Previous research has suggested that pre-calving cows’ blood proteins translocate into the mammary gland for colostrogenesis [71], which may influence colostrum composition. In this study, correlation analysis indicated that greater pre-calving blood globulin content of cows was associated with greater IGKV2-18*01 (IMGT000047_11), haptoglobin (Q2TBU0) and lactotransferrin (P24627) in the colostrum. As outlined before, these proteins play roles in immune protection and mineral binding [72,73,74]. In addition, calf passive immunity correlated with serpin family G member 1 (A0AAA9TZ37) and with cathelicidin-7 (P56425) in colostrum. Serpin family G member 1 (A0AAA9TZ37) is a protease inhibitor [75]; while cathelicidin-7 (P56425) acts as an antimicrobial peptide [76]. On the other hand, selenoprotein F (A8YXY3), involved in cell signaling and immune modulation, negatively correlated with calf passive immunity [77]. These correlations suggest the potential influence of the nutrition and blood composition of the cow on the colostrum proteome and eventually on the health of the calf, a topic that deserves further in-depth research. In addition, future studies should evaluate the quality of colostrum consumed by calves in the days following parturition to further investigate the role of colostrum proteins on passive immunity transfer to the calves.
Conclusions
Our research enriches the understanding of the bovine colostrum proteome, highlighting the role of key colostrum proteins in biological processes such as cellular process, biological regulation, response to stimulus, metabolic process, and immune system process.
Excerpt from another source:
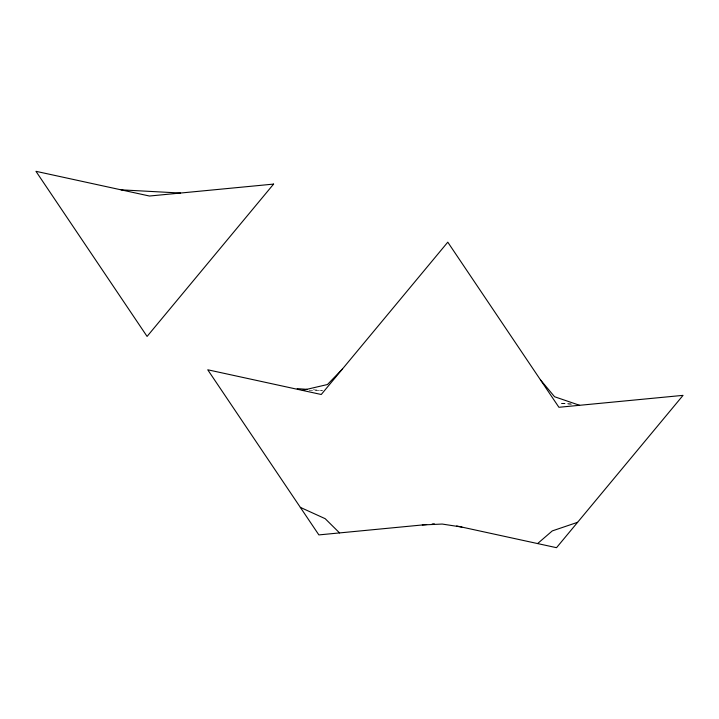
<?xml version="1.0" encoding="UTF-8"?>
<svg xmlns="http://www.w3.org/2000/svg" width="719" height="719" viewBox="0 0 719 719"><rect width="100%" height="100%" fill="white"/><g stroke="black" fill="none" stroke-linecap="round" stroke-linejoin="round"><path stroke-width="0.54" stroke-dasharray="3.6 2.7" d="M309.035 390.399L322.436 390.426L311.471 389.653M571.147 403.638L560.101 403.215L572.018 404.491"/><path stroke-width="1.08" d="M342.352 369.108L327.469 384.521L302.339 390.381M537.605 543.573L552.273 530.91L577.609 522.309M426.664 524.546L318.868 534.909L207.737 369.782L321.258 394.497L447.784 242.168L558.915 407.287L683.05 395.36L556.524 547.689L456.664 525.949M432.11 524.016L434.285 523.809M422.305 524.96L442.185 524.052L461.922 527.09M121.098 189.843L180.505 193.043M297.208 388.646L307.076 389.347M579.604 405.3L554.565 396.744L540.4 379.767M300.344 507.38L325.186 518.687L339.557 532.914M273.606 184.091L147.08 336.429L35.95 171.311L149.471 196.026L273.606 184.091"/></g></svg>

Most abundant proteins included complement C3 (Q2UVX4), alpha-S1-casein (P02662), Ig-like domain-containing protein (A0A3Q1M032), albumin (A0A140T897), PIGR (P81265), and lactotransferrin (P24627). Colostrum of excellent quality contained greater abundance of several key proteins such as serpin A3-7 (A2I7N3), complement factor I (A0A3Q1MIF4), lipocalin/cytosolic fatty-acid binding domain-containing protein (A0A3Q1MRQ2), and complement C3 (Q2UVX4). This resulted in enrichment mainly of the biological processes for complement activation alternative pathway, complement activation, complement activation classical pathway, and humoral immune response. Additionally, greater quality of colostrum leads to an increase in antimicrobial and antiprotease activities, indicating enhanced protective properties of colostrum prior to its absorption in the calf’s gut. Results revealed that higher levels of colostrum IgG led to reduced beta and alpha casein, as well as proteins linked to oxidative stress. Therefore, the content of colostrum IgG was strongly associated with the abundance of other important immune-related proteins and may be a suitable indicator for categorizing the proteome profile. Our observations underscore the importance of consumption of colostrum of excellent quality for a better response against pathogenic microorganisms. Future research should deeply explore the association of these findings with the nutrition status and blood composition of the cow as well as with the passive immunity transfer in the calf.